0 comments

Comments sorted by top scores.

comment by lsusr · 2020-09-25T11:12:24.555Z · LW(p) · GW(p)

So by the end Glue is almost never chosen, while Rock reverts to being a regular option which risks defeat by paper, that in time becomes more popular.

This sentence confuses me. It seems to me like you're implying that there is a time when the probability of choosing rock exceeds the probability of choosing glue when in fact the Nash equilibrium strategy is rock, $\frac{1}{3}$ paper, $\frac{1}{3}$ glue and $\frac{0}{3}$ scissors.

Replies from: johnswentworth, None, KyriakosCH

↑ comment by johnswentworth · 2020-09-25T16:18:10.405Z · LW(p) · GW(p)

For others who want to check those numbers: note that glue dominates scissors (both beat paper, lose to rock, and glue beats scissors), so scissors should never be played. With that simplification, it's an ordinary game of rock-paper-scissors, except "scissors" is now called "glue".

Replies from: KyriakosCH

↑ comment by KyriakosCH · 2020-09-25T19:23:35.508Z · LW(p) · GW(p)

Please read my edited reply to lsusr.

↑ comment by [deleted] · 2020-09-27T22:41:42.373Z · LW(p) · GW(p)

You mean Nash equilibrium strategy? Rock-Paper-Scissors is a zero-sum game, so Pareto optimal is a trivial notion here.

Replies from: lsusr

↑ comment by lsusr · 2020-10-06T04:32:26.565Z · LW(p) · GW(p)

Fixed.

↑ comment by KyriakosCH · 2020-09-25T11:57:40.580Z · LW(p) · GW(p)

Edit (I rewrote this reply, cause it was too vague in the original :) )
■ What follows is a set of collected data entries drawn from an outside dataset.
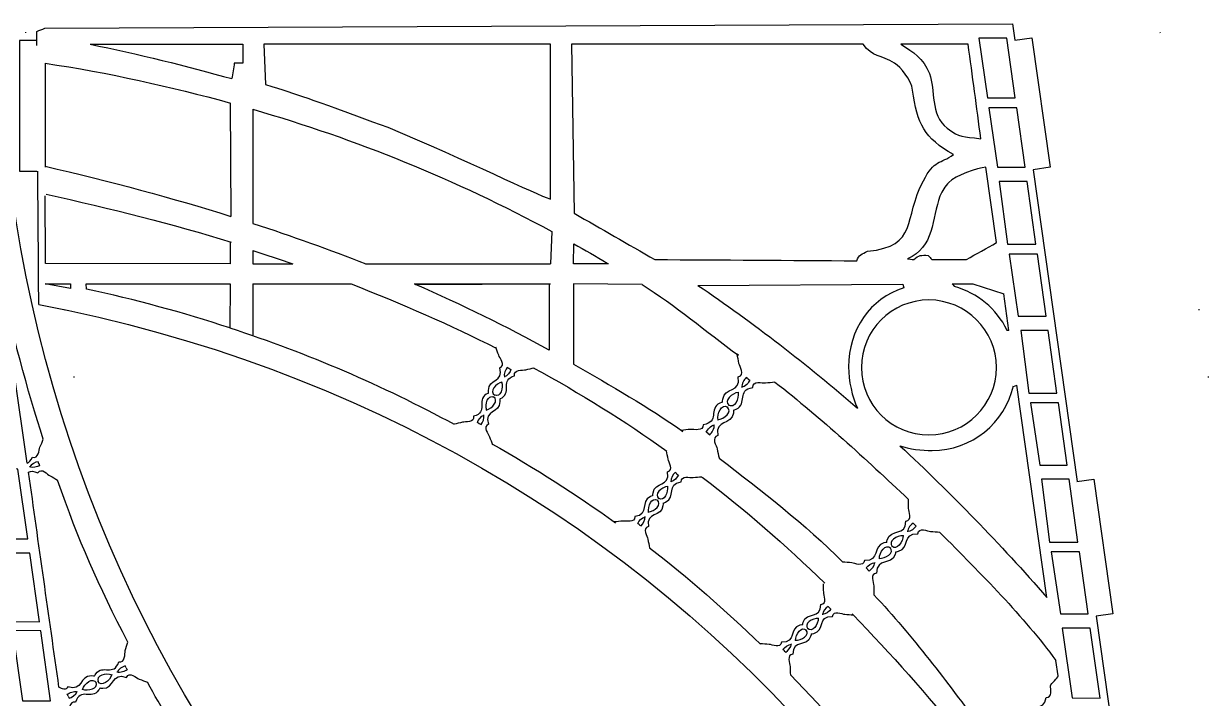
# Model space of a CAD drawing. Extents: x -302 to 129, y -132 to 148.
# Drawn here: x -84.5 to 121.9, y 30.2 to 147.7 of the extents above; entities that cross this region are included whole.
import ezdxf

# ---------------------------------------------------------------- set-up
doc = ezdxf.new("R2010")
doc.units = 0
doc.header["$MEASUREMENT"] = 0
doc.layers.add('LAYER_1', color=7, linetype='CONTINUOUS')

msp = doc.modelspace()

# ---------------------------------------------------------------- linework, layer by layer
at = {"layer": 'LAYER_1', "color": 1}
for points, knots in [([(-82.2158, 143.9271), (-82.2223, 144.7338), (-82.229, 145.5404), (-82.2356, 146.3471), (-82.2356, 146.3471), (-81.7609, 146.5583), (-81.2859, 146.7428), (-80.8111, 146.9275), (-80.8111, 146.9275), (-80.8111, 146.9275), (87.786, 147.7148), (87.786, 147.7148)], [0, 0, 0, 0, 0.25, 0.25, 0.25, 0.25, 0.5, 0.5, 0.5, 0.5, 1, 1, 1, 1]), ([(-85.2356, 144.7944), (-85.2356, 144.7944), (-85.2356, 122.0256), (-85.2356, 122.0256), (-85.2356, 122.0256), (-85.2356, 122.0256), (-82.2158, 122.0256), (-82.2158, 122.0256)], [0, 0, 0, 0, 0.33333333, 0.33333333, 0.33333333, 0.33333333, 1, 1, 1, 1]), ([(91.1632, 145.2403), (91.1632, 145.2403), (94.332, 122.6931), (94.332, 122.6931), (94.332, 122.6931), (94.332, 122.6931), (91.3753, 122.2775), (91.3753, 122.2775)], [0, 0, 0, 0, 0.33333333, 0.33333333, 0.33333333, 0.33333333, 1, 1, 1, 1]), ([(-72.933, 144.1308), (-66.4428, 144.1308), (-52.7922, 144.1308), (-46.3284, 144.1308), (-46.3284, 144.1308), (-46.3284, 143.2866), (-46.3284, 141.7036), (-46.3284, 140.833), (-46.3284, 140.833), (-46.8032, 140.833), (-47.3046, 140.833), (-47.8058, 140.833), (-47.8058, 140.833), (-47.9114, 140.1206), (-48.1218, 138.888), (-48.2536, 138.1492)], [0, 0, 0, 0, 0.2, 0.2, 0.2, 0.2, 0.4, 0.4, 0.4, 0.4, 0.6, 0.6, 0.6, 0.6, 1, 1, 1, 1]), ([(-42.6611, 144.1308), (-42.6611, 144.1308), (7.275, 144.1308), (7.275, 144.1308), (7.275, 144.1308), (7.275, 144.1308), (7.2749, 117.1252), (7.2749, 117.1252), (7.2749, 117.1252), (4.7158, 118.0222), (-7.1232, 123.816), (-21.0534, 129.673), (-21.0534, 129.673), (-36.0654, 135.1607), (-36.0654, 135.1607), (-42.3709, 137.113), (-42.3709, 137.113), (-42.3709, 137.113), (-42.6611, 144.1308), (-42.6611, 144.1308)], [0, 0, 0, 0, 0.16666667, 0.16666667, 0.16666667, 0.16666667, 0.33333333, 0.33333333, 0.33333333, 0.33333333, 0.5, 0.5, 0.5, 0.5, 0.66666667, 0.66666667, 0.66666667, 0.66666667, 1, 1, 1, 1]), ([(10.9231, 144.1308), (10.9231, 144.1308), (61.7628, 144.1308), (61.7628, 144.1308), (61.7628, 144.1308), (63.4249, 141.8091), (64.8564, 142.3859), (67.2504, 140.833), (67.2504, 140.833), (68.2771, 140.1672), (70.1322, 137.9794), (70.39, 136.1368), (70.39, 136.1368), (71.2192, 130.2111), (72.3951, 127.8262), (77.5134, 124.8977), (77.5134, 124.8977), (75.1917, 123.2883), (74.1952, 124.023), (72.2632, 120.3598), (72.2632, 120.3598), (68.7331, 113.6666), (71.4453, 108.9887), (62.5543, 108.0653), (62.5543, 108.0653), (61.5781, 107.5641), (60.9713, 107.4585), (60.6547, 106.4032), (60.6547, 106.4032), (48.9406, 106.4824), (37.2002, 106.5615), (25.4598, 106.6143), (25.4598, 106.6143), (20.79, 109.3053), (16.1202, 111.9964), (11.424, 114.6875), (11.424, 114.6875), (11.424, 114.6875), (10.9231, 144.1308), (10.9231, 144.1308)], [0, 0, 0, 0, 0.09090909, 0.09090909, 0.09090909, 0.09090909, 0.18181818, 0.18181818, 0.18181818, 0.18181818, 0.27272727, 0.27272727, 0.27272727, 0.27272727, 0.36363636, 0.36363636, 0.36363636, 0.36363636, 0.45454545, 0.45454545, 0.45454545, 0.45454545, 0.54545455, 0.54545455, 0.54545455, 0.54545455, 0.63636364, 0.63636364, 0.63636364, 0.63636364, 0.72727273, 0.72727273, 0.72727273, 0.72727273, 0.81818182, 0.81818182, 0.81818182, 0.81818182, 1, 1, 1, 1]), ([(76.4185, 129.4883), (73.3582, 131.8756), (74.408, 136.2149), (73.3185, 139.0126), (73.3185, 139.0126), (72.229, 141.8102), (70.5219, 142.6798), (68.3585, 144.1309), (68.3585, 144.1309), (72.2632, 144.1309), (76.1679, 144.1309), (80.0726, 144.1309), (80.0726, 144.1309), (80.8113, 138.6432), (81.55, 133.1556), (82.2887, 127.6415), (82.2887, 127.6415), (78.9909, 128.1956), (78.7033, 127.706), (76.4185, 129.4883)], [0, 0, 0, 0, 0.16666667, 0.16666667, 0.16666667, 0.16666667, 0.33333333, 0.33333333, 0.33333333, 0.33333333, 0.5, 0.5, 0.5, 0.5, 0.66666667, 0.66666667, 0.66666667, 0.66666667, 1, 1, 1, 1]), ([(-44.5934, 132.801), (-26.5808, 127.5978), (-9.2724, 120.587), (7.5038, 111.5048), (7.5038, 111.5048), (7.5038, 111.5048), (7.275, 105.8644), (7.275, 105.8644)], [0, 0, 0, 0, 0.33333333, 0.33333333, 0.33333333, 0.33333333, 1, 1, 1, 1]), ([(69.4666, 106.7726), (74.1481, 108.5416), (73.7641, 113.9572), (75.1466, 117.645), (75.1466, 117.645), (75.5048, 118.6001), (76.0741, 119.3969), (76.6955, 120.0696), (76.6955, 120.0696), (77.8014, 121.2669), (81.7031, 122.6177), (83.1245, 122.6918), (83.1245, 122.6918), (83.1245, 122.6918), (84.9918, 109.5744), (84.9918, 109.5744), (84.9918, 109.5744), (83.3825, 108.5982), (81.4181, 107.6168), (79.7824, 106.6143), (79.7824, 106.6143), (77.7772, 106.6407), (75.7458, 106.6407), (73.7143, 106.6407), (73.7143, 106.6407), (73.5296, 106.8781), (73.3185, 107.1155), (73.1075, 107.353), (73.1075, 107.353), (71.9202, 107.353), (71.4453, 107.4585), (70.6011, 106.6143), (70.6011, 106.6143), (70.2317, 106.667), (69.8623, 106.7198), (69.4666, 106.7726)], [0, 0, 0, 0, 0.1, 0.1, 0.1, 0.1, 0.2, 0.2, 0.2, 0.2, 0.3, 0.3, 0.3, 0.3, 0.4, 0.4, 0.4, 0.4, 0.5, 0.5, 0.5, 0.5, 0.6, 0.6, 0.6, 0.6, 0.7, 0.7, 0.7, 0.7, 0.8, 0.8, 0.8, 0.8, 1, 1, 1, 1]), ([(-48.5278, 109.6955), (-48.5278, 109.6955), (-48.5278, 105.8644), (-48.5278, 105.8644), (-48.5278, 105.8644), (-48.5278, 105.8644), (-80.679, 105.9547), (-80.679, 105.9547), (-80.679, 105.9547), (-80.7054, 109.8858), (-80.7318, 113.8168), (-80.7845, 117.7479)], [0, 0, 0, 0, 0.25, 0.25, 0.25, 0.25, 0.5, 0.5, 0.5, 0.5, 1, 1, 1, 1]), ([(-44.5696, 108.208), (-44.5696, 108.208), (-44.5696, 105.8644), (-44.5696, 105.8644), (-44.5696, 105.8644), (-44.5696, 105.8644), (-37.6436, 105.8644), (-37.6436, 105.8644)], [0, 0, 0, 0, 0.33333333, 0.33333333, 0.33333333, 0.33333333, 1, 1, 1, 1]), ([(17.4076, 105.8644), (17.4076, 105.8644), (11.288, 105.8644), (11.288, 105.8644), (11.288, 105.8644), (11.288, 105.8644), (11.345, 109.3838), (11.345, 109.3838)], [0, 0, 0, 0, 0.33333333, 0.33333333, 0.33333333, 0.33333333, 1, 1, 1, 1]), ([(-76.3266, 102.3666), (-76.3266, 102.3666), (-76.3374, 101.5896), (-76.3374, 101.5896), (-76.3374, 101.5896), (-76.3374, 101.5896), (-80.7696, 102.3666), (-80.7696, 102.3666)], [0, 0, 0, 0, 0.33333333, 0.33333333, 0.33333333, 0.33333333, 1, 1, 1, 1]), ([(-73.6076, 102.3666), (-73.6076, 102.3666), (-73.5474, 101.4744), (-73.5474, 101.4744), (-73.5474, 101.4744), (-65.0442, 99.6432), (-56.7208, 97.3812), (-48.6006, 94.7146), (-48.6006, 94.7146), (-48.6006, 94.7146), (-48.5278, 102.3666), (-48.5278, 102.3666), (-48.5278, 102.3666), (-48.5278, 102.3666), (-73.6076, 102.3666), (-73.6076, 102.3666)], [0, 0, 0, 0, 0.2, 0.2, 0.2, 0.2, 0.4, 0.4, 0.4, 0.4, 0.6, 0.6, 0.6, 0.6, 1, 1, 1, 1]), ([(7.0642, 102.3666), (7.0642, 102.3666), (-16.2534, 102.2738), (-16.2534, 102.2738), (-16.2534, 102.2738), (-8.0854, 98.7364), (-0.3308, 94.9238), (7.0642, 90.8068), (7.0642, 90.8068), (7.0642, 90.8068), (7.0642, 102.3666), (7.0642, 102.3666)], [0, 0, 0, 0, 0.25, 0.25, 0.25, 0.25, 0.5, 0.5, 0.5, 0.5, 1, 1, 1, 1]), ([(23.258, 102.2626), (23.258, 102.2626), (11.288, 102.3666), (11.288, 102.3666), (11.288, 102.3666), (11.288, 102.3666), (11.289, 88.399), (11.289, 88.399)], [0, 0, 0, 0, 0.33333333, 0.33333333, 0.33333333, 0.33333333, 1, 1, 1, 1]), ([(68.8598, 101.6998), (62.958, 99.8454), (59.239, 94.4108), (59.239, 87.8968), (59.239, 87.8968), (59.239, 85.5458), (59.8166, 82.663), (60.8068, 80.6976)], [0, 0, 0, 0, 0.33333333, 0.33333333, 0.33333333, 0.33333333, 1, 1, 1, 1]), ([(84.9836, 87.817), (84.9836, 81.3239), (79.7199, 76.0602), (73.2268, 76.0602), (73.2268, 76.0602), (66.7337, 76.0602), (61.47, 81.3239), (61.47, 87.817), (61.47, 87.817), (61.47, 94.3101), (66.7337, 99.5738), (73.2268, 99.5738), (73.2268, 99.5738), (79.7199, 99.5738), (84.9836, 94.3101), (84.9836, 87.817)], [0, 0, 0, 0, 0.2, 0.2, 0.2, 0.2, 0.4, 0.4, 0.4, 0.4, 0.6, 0.6, 0.6, 0.6, 1, 1, 1, 1]), ([(-3.4948, 83.3634), (-3.5005, 83.4359), (-3.5313, 83.5631), (-3.5328, 83.8275), (-3.5328, 83.8275), (-3.5446, 85.9153), (-0.7377, 85.1796), (-1.5386, 87.7646), (-1.5386, 87.7646), (-0.4564, 88.2339), (-1.5518, 89.4566), (-1.7387, 89.9528), (-1.7387, 89.9528), (-1.9021, 90.4497), (-2.0677, 90.9204), (-2.235, 91.3657)], [0, 0, 0, 0, 0.2, 0.2, 0.2, 0.2, 0.4, 0.4, 0.4, 0.4, 0.6, 0.6, 0.6, 0.6, 1, 1, 1, 1]), ([(37.2783, 81.7747), (37.2829, 81.8528), (37.2688, 81.9928), (37.3063, 82.2746), (37.3063, 82.2746), (37.6018, 84.5001), (40.483, 83.3024), (40.0113, 86.1739), (40.0113, 86.1739), (41.2332, 86.514), (40.2468, 87.978), (40.121, 88.5341), (40.121, 88.5341), (40.0203, 89.0875), (39.9134, 89.6133), (39.8009, 90.1123)], [0, 0, 0, 0, 0.2, 0.2, 0.2, 0.2, 0.4, 0.4, 0.4, 0.4, 0.6, 0.6, 0.6, 0.6, 1, 1, 1, 1]), ([(-1.5624, 82.3203), (-1.4987, 82.3553), (-1.3754, 82.3994), (-1.1536, 82.5432), (-1.1536, 82.5432), (0.5983, 83.6789), (-1.557, 85.6219), (1.0436, 86.3707), (1.0436, 86.3707), (0.8421, 87.5329), (2.4653, 87.2881), (2.9827, 87.4041), (2.9827, 87.4041), (3.4878, 87.5402), (3.9722, 87.66), (4.4363, 87.7645)], [0, 0, 0, 0, 0.2, 0.2, 0.2, 0.2, 0.4, 0.4, 0.4, 0.4, 0.6, 0.6, 0.6, 0.6, 1, 1, 1, 1]), ([(0.0872, 87.6499), (0.0872, 87.6499), (-0.2462, 87.8285), (-0.2462, 87.8285), (-0.2462, 87.8285), (-0.5185, 87.5099), (-0.8939, 86.6975), (-0.7175, 86.129)], [0, 0, 0, 0, 0.33333333, 0.33333333, 0.33333333, 0.33333333, 1, 1, 1, 1]), ([(0.0556, 87.6669), (0.0556, 87.6669), (0.3879, 87.4862), (0.3879, 87.4862), (0.3879, 87.4862), (0.2709, 87.0837), (-0.2023, 86.3242), (-0.7743, 86.1597)], [0, 0, 0, 0, 0.33333333, 0.33333333, 0.33333333, 0.33333333, 1, 1, 1, 1]), ([(39.1826, 80.3786), (39.2557, 80.4064), (39.3935, 80.4351), (39.6509, 80.5556), (39.6509, 80.5556), (41.6845, 81.5068), (39.6756, 83.8943), (42.5559, 84.3082), (42.5559, 84.3082), (42.5128, 85.5759), (44.2057, 85.0756), (44.7739, 85.1228), (44.7739, 85.1228), (45.332, 85.1933), (45.8655, 85.2494), (46.3753, 85.2923)], [0, 0, 0, 0, 0.2, 0.2, 0.2, 0.2, 0.4, 0.4, 0.4, 0.4, 0.6, 0.6, 0.6, 0.6, 1, 1, 1, 1]), ([(41.726, 85.8118), (41.726, 85.8118), (41.3973, 86.0513), (41.3973, 86.0513), (41.3973, 86.0513), (41.0602, 85.7521), (40.5406, 84.9422), (40.6445, 84.3106)], [0, 0, 0, 0, 0.33333333, 0.33333333, 0.33333333, 0.33333333, 1, 1, 1, 1]), ([(41.6949, 85.8347), (41.6949, 85.8347), (42.0222, 85.5932), (42.0222, 85.5932), (42.0222, 85.5932), (41.8382, 85.1817), (41.2221, 84.4425), (40.5885, 84.3517)], [0, 0, 0, 0, 0.33333333, 0.33333333, 0.33333333, 0.33333333, 1, 1, 1, 1]), ([(68.1708, 74.1698), (69.7454, 73.5862), (72.0108, 73.3472), (73.7886, 73.3472), (73.7886, 73.3472), (80.7006, 73.3472), (86.487, 78.1668), (87.9698, 84.6288)], [0, 0, 0, 0, 0.33333333, 0.33333333, 0.33333333, 0.33333333, 1, 1, 1, 1]), ([(-3.4948, 83.3634), (-3.5585, 83.3285), (-3.6818, 83.2844), (-3.9036, 83.1406), (-3.9036, 83.1406), (-5.6555, 82.0049), (-3.5003, 80.0619), (-6.1008, 79.3131), (-6.1008, 79.3131), (-5.8993, 78.1509), (-7.5226, 78.3957), (-8.0399, 78.2797), (-8.0399, 78.2797), (-8.545, 78.1436), (-9.0294, 78.0237), (-9.4935, 77.9192)], [0, 0, 0, 0, 0.2, 0.2, 0.2, 0.2, 0.4, 0.4, 0.4, 0.4, 0.6, 0.6, 0.6, 0.6, 1, 1, 1, 1]), ([(-1.5624, 82.3203), (-1.5567, 82.2479), (-1.5259, 82.1206), (-1.5244, 81.8563), (-1.5244, 81.8563), (-1.5126, 79.7685), (-4.3195, 80.5042), (-3.5186, 77.9192), (-3.5186, 77.9192), (-4.6008, 77.4499), (-3.5054, 76.2272), (-3.3185, 75.731), (-3.3185, 75.731), (-3.1551, 75.234), (-2.9896, 74.7634), (-2.8223, 74.3181)], [0, 0, 0, 0, 0.2, 0.2, 0.2, 0.2, 0.4, 0.4, 0.4, 0.4, 0.6, 0.6, 0.6, 0.6, 1, 1, 1, 1]), ([(37.2783, 81.7747), (37.2053, 81.7469), (37.0675, 81.7181), (36.81, 81.5977), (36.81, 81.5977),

Very correct in regards to every player actually having identified this (indeed, if all players are aware of the new balance, they will pick up that glue is a better type of scissors so scissors should not be picked). But imagine a player comes in and hasn't picked up this identity, while (for different reasons) they have picked up an aversion to choose rock from previous players. Then scissors still has a chance to win (against paper), and effectively rock is largely out, so the triplet scissors-paper-glue has glue as the permanent winner. This in turn (after a couple of games) is picked up and stabilizes the game as having three options for all (scissors no longer chosen), until a new player who is unaware joins.

Essentially the dynamic of the 4-choice game allows for periodic returns to a 3-choice, which is what can be used to trigger ongoing corrections to other systems.

Replies from: None

↑ comment by [deleted] · 2020-09-27T22:39:02.793Z · LW(p) · GW(p)

Regardless of what the new player does, there is no reason to ever play scissors. I don't see any interesting "4-choice dynamic" here. Perhaps you should pick a different example with multiple Nash equilibria.

Replies from: KyriakosCH

↑ comment by KyriakosCH · 2020-09-28T07:24:14.369Z · LW(p) · GW(p)

You are confusing "reason to choose" (which is obviously not there; optimal strategy is trivial to find) with "happens to be chosen". Ie you are looking at what is said from an angle which isn't crucial to the point.

Everyone is aware that scissors is not be chosen at any time if the player has correctly evaluated the dynamic. Try asking a non-sentence in a formal logic system to stop existing cause it evaluated the dynamic, and you'll get why your point is not sensible.

comment by Andy Jones (andyljones) · 2020-09-26T12:24:01.630Z · LW(p) · GW(p)

You may be interested in alpha-rank. It's an Elo-esque system for highly 'nontransitive' games - ie, games where there're lots of rock-paper-scissors-esque cycles.

At a high level, what it does is set up a graph like the one you've drawn, then places a token on a random node and repeatedly follows the 'defeated-by' edges. The amount of time spent on a node gives the strength of the strategy.

You might also be interested in rectified policy space response oracles, which is one approach to finding new, better strategies in nontransitive games.

Replies from: KyriakosCH

↑ comment by KyriakosCH · 2020-09-26T14:20:02.733Z · LW(p) · GW(p)

Thank you, I will have a look!

My own interest in recollecting this variation (an actual thing, from my childhood years) is that intuitively it seems to me that this type of limited setting may be enough so that the inherent dynamic of 'new player will go for the less than optimal strategy', and the periodic ripple effect it creates, can (be made to) mimic some elements of a formal logic system, namely the interactions of non-sentences with sentences.

So I posted this as a possible trigger for more reflection, not for establishing the trivial (optimal strategy in this corrupted variation of the game) ^_^

comment by David Scrimshaw (david-scrimshaw) · 2020-09-25T13:55:45.075Z · LW(p) · GW(p)

To see what other rock-paper-scissor scholars have to say on this, you might want to investigate the controversial "dynamite" option.